Ma Zhanshan Sam
Computational Biology and Medical Ecology Lab, State Key Laboratory of Genetic Resources and Evolution, Kunming Institute of Zoology, Chinese Academy of Sciences, Kunming, China.
Center for Excellence in Animal Evolution and Genetics, Chinese Academy of Sciences, Beijing, China.
J Med Virol. 2023 Apr;95(4):e28682. doi: 10.1002/jmv.28682.
The human virome, or the viral communities distributed on or in our body, is estimated to contain about 380 trillion of viruses (individuals), which has far reaching influences on our health and diseases. Obviously, the sheer numbers of viruses alone make the comparisons of two or multiple viromes extremely challenging. In fact, the theory of computation in computer science for so-termed NP-hard problems stipulates that the problem is unsolvable when the size of virome is sufficiently large even with fastest supercomputers. Practically, one has to develop heuristic and approximate algorithms to obtain practically satisfactory solutions for NP-hard problems. Here, we extend the species-specificity and specificity-diversity framework to develop a method for virome comparison (VC). The VC method consists of a pair of metrics: virus species specificity (VS) and virome specificity diversity (VSD) and corresponding pair of random search algorithms. Specifically, the VS and VS permutation (VSP) test can detect unique virus species (US) or enriched virus species (ES) in each virome (treatment), and the VSD and VSD permutation (VSDP) test can further determine holistic differences between two viromes or their subsets (assemblages of viruses). The test with four virome data sets demonstrated that the VC method is effective, efficient, and robust.
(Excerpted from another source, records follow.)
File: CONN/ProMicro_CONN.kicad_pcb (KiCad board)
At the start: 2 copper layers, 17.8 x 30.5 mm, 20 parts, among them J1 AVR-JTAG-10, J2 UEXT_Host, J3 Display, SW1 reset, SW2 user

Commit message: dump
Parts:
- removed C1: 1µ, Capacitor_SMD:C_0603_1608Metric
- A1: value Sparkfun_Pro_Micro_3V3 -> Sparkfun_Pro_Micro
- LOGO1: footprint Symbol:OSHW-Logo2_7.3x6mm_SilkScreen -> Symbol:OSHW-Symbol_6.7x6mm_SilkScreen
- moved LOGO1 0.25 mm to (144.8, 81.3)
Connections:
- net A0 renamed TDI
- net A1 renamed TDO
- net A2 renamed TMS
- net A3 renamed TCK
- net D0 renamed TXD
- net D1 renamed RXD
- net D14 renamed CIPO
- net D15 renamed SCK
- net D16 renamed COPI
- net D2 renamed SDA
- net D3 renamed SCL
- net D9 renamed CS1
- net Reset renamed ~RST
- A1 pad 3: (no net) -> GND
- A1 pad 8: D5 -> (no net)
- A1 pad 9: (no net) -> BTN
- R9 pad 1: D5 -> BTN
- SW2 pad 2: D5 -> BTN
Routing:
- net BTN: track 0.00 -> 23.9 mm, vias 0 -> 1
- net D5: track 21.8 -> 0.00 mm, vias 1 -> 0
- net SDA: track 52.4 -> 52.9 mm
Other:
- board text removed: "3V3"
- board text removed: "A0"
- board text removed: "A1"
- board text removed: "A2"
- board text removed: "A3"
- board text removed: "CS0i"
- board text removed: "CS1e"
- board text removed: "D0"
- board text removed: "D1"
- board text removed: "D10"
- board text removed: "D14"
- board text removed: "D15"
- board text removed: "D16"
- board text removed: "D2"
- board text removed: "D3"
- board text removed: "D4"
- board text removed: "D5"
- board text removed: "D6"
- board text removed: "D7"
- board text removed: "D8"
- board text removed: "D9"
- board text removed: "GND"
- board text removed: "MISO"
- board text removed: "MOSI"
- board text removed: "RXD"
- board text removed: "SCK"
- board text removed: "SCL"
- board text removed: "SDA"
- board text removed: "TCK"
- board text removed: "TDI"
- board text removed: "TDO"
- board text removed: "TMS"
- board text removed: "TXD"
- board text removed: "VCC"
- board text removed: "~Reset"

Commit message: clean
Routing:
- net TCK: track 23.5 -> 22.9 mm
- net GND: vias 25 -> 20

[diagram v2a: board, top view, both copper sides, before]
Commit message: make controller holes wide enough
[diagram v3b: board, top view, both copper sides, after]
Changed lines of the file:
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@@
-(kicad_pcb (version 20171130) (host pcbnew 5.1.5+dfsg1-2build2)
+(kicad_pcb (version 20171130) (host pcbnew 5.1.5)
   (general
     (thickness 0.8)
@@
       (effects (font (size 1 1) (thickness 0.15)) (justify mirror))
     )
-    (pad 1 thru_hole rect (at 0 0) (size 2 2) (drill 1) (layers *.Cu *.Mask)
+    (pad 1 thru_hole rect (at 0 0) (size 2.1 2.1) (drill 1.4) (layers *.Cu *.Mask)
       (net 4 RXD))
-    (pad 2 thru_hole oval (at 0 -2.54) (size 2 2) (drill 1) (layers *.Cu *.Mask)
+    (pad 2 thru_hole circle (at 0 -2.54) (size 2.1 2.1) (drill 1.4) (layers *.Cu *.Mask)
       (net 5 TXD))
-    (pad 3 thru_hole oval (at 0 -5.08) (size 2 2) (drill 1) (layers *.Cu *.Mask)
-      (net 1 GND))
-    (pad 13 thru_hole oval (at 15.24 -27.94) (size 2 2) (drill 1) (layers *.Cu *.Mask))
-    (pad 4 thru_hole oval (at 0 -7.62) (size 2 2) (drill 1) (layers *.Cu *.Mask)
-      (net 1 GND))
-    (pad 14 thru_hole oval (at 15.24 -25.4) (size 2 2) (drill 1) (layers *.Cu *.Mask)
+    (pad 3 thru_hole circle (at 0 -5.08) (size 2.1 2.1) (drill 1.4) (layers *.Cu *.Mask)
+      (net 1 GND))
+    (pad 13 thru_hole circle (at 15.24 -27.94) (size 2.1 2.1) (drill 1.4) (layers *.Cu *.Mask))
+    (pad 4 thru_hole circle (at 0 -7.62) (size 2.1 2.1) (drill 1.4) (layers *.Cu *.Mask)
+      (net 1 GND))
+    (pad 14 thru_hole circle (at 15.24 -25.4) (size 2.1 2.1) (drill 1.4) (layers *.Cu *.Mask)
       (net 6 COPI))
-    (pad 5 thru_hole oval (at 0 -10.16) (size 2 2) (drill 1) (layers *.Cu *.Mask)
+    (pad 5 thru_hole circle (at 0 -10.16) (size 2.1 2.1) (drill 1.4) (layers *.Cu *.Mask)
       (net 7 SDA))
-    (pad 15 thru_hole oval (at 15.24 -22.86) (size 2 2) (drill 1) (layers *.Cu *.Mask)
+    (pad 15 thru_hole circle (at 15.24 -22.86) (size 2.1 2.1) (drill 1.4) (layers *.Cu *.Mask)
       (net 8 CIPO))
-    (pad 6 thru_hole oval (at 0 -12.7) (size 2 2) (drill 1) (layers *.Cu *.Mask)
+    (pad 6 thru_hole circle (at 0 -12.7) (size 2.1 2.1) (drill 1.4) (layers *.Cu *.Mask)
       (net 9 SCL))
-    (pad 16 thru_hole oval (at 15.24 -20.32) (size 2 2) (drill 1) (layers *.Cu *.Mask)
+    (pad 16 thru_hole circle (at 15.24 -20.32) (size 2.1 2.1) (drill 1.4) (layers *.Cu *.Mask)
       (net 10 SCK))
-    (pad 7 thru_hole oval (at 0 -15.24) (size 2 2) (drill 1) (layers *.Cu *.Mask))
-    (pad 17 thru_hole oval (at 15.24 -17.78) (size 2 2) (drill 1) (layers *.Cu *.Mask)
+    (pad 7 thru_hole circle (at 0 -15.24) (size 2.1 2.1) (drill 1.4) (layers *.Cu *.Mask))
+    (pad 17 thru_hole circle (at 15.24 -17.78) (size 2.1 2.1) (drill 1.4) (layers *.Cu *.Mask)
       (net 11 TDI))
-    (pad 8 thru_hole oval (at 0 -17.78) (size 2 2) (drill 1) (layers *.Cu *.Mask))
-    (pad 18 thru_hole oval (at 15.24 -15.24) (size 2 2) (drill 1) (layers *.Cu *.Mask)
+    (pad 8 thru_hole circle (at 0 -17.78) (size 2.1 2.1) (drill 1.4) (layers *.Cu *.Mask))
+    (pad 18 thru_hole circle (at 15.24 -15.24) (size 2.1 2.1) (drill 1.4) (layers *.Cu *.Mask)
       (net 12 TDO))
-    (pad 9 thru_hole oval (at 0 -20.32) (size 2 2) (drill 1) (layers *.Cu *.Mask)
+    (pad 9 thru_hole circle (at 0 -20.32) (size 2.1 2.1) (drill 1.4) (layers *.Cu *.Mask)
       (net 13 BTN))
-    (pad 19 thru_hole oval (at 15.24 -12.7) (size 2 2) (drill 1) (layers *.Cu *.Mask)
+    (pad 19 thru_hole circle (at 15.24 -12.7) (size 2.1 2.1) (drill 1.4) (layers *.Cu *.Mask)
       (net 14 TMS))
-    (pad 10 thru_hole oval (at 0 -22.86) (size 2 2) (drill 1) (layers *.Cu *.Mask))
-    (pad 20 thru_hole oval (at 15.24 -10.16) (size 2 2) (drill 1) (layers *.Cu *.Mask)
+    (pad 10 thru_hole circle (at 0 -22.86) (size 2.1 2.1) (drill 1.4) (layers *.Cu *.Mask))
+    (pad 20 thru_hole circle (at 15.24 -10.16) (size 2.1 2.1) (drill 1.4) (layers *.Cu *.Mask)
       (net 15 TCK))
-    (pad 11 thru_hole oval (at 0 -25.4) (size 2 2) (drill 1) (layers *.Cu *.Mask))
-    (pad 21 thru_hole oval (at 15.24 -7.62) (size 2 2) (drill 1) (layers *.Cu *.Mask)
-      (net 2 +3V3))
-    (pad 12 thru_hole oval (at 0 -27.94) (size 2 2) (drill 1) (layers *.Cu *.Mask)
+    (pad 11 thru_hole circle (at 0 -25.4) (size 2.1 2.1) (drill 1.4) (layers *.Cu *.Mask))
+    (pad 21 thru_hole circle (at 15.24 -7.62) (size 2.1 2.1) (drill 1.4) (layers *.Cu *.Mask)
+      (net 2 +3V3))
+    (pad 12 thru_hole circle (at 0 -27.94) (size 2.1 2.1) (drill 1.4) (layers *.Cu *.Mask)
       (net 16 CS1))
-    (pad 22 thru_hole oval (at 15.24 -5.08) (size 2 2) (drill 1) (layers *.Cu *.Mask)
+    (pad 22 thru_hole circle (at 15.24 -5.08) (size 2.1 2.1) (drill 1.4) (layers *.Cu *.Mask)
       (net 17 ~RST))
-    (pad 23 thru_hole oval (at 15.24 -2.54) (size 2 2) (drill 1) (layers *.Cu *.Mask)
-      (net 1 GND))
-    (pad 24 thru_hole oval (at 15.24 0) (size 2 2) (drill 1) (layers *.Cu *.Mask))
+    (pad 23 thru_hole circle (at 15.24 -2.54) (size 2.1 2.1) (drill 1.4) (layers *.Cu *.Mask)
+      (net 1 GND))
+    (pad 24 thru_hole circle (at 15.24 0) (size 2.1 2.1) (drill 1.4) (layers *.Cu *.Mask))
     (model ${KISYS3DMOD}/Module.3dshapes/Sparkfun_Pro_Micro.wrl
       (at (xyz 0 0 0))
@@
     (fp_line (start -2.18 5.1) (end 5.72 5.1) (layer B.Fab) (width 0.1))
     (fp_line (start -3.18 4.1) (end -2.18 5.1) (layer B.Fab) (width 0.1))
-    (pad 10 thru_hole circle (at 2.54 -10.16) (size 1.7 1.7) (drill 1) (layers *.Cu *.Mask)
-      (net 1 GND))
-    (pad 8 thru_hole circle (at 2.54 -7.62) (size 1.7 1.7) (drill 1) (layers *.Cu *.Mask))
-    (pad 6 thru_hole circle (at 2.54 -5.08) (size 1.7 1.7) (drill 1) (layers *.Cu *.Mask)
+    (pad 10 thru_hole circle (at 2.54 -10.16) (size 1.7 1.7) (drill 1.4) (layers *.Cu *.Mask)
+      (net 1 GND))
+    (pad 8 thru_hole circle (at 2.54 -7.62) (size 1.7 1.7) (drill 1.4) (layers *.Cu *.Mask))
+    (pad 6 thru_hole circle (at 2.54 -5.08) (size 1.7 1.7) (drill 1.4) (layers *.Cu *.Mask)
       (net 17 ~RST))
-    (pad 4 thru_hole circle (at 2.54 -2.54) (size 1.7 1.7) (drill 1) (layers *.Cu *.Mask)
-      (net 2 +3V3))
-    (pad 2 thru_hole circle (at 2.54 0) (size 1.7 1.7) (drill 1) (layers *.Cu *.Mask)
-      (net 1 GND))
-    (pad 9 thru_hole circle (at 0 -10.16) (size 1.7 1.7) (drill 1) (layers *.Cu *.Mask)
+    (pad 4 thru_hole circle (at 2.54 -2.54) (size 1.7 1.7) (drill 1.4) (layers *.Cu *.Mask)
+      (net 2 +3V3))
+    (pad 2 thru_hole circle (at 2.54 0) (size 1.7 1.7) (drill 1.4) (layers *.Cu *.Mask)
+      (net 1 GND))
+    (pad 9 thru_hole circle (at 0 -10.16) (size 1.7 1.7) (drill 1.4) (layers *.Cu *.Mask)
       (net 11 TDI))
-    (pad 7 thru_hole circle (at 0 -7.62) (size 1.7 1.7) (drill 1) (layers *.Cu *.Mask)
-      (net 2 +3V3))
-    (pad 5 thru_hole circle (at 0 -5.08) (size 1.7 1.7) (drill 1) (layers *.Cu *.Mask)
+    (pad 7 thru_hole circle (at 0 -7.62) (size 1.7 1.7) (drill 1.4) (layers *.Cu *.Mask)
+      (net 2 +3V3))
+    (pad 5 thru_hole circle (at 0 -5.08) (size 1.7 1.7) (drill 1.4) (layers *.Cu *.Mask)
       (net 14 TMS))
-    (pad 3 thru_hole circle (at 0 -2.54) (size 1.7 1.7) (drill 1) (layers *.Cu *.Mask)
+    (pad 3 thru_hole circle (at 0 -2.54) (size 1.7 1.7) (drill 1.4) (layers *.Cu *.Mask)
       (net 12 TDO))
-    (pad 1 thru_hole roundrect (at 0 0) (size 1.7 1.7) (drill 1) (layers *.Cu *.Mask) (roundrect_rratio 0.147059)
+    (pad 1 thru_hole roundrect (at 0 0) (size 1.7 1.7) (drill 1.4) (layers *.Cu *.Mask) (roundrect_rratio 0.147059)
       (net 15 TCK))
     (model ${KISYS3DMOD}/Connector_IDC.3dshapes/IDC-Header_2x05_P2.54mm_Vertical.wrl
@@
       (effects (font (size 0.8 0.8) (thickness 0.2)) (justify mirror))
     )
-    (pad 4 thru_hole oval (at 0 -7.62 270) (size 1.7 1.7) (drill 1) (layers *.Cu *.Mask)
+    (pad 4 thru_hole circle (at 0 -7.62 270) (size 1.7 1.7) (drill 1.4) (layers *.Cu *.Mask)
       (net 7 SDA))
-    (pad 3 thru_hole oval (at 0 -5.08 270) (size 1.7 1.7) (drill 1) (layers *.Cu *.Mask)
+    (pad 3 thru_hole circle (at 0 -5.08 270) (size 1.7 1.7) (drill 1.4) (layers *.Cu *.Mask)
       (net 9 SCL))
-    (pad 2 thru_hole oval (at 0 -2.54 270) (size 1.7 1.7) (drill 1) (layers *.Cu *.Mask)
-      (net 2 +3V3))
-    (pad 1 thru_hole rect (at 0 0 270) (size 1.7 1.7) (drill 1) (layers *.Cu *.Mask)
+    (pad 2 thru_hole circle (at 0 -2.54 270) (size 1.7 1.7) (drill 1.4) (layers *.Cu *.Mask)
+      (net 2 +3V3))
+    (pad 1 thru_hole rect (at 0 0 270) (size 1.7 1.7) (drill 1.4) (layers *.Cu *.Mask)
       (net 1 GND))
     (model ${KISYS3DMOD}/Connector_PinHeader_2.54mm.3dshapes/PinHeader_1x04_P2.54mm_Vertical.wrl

人类病毒组,即分布在我们身体上或体内的病毒群落,估计包含约380万亿个病毒(个体),这对我们的健康和疾病有着深远的影响。显然,仅病毒的数量之多就使得比较两个或多个病毒组极具挑战性。事实上,计算机科学中针对所谓NP难问题的计算理论规定,即使使用最快的超级计算机,当病毒组规模足够大时,该问题也无法解决。实际上,人们必须开发启发式和近似算法来获得NP难问题的实际满意解决方案。在此,我们扩展了物种特异性和特异性多样性框架,以开发一种病毒组比较(VC)方法。VC方法由一对指标组成:病毒物种特异性(VS)和病毒组特异性多样性(VSD)以及相应的一对随机搜索算法。具体而言,VS和VS置换(VSP)测试可以检测每个病毒组(处理组)中的独特病毒物种(US)或富集病毒物种(ES),而VSD和VSD置换(VSDP)测试可以进一步确定两个病毒组或其子集(病毒组合)之间的整体差异。对四个病毒组数据集的测试表明,VC方法是有效、高效且稳健的。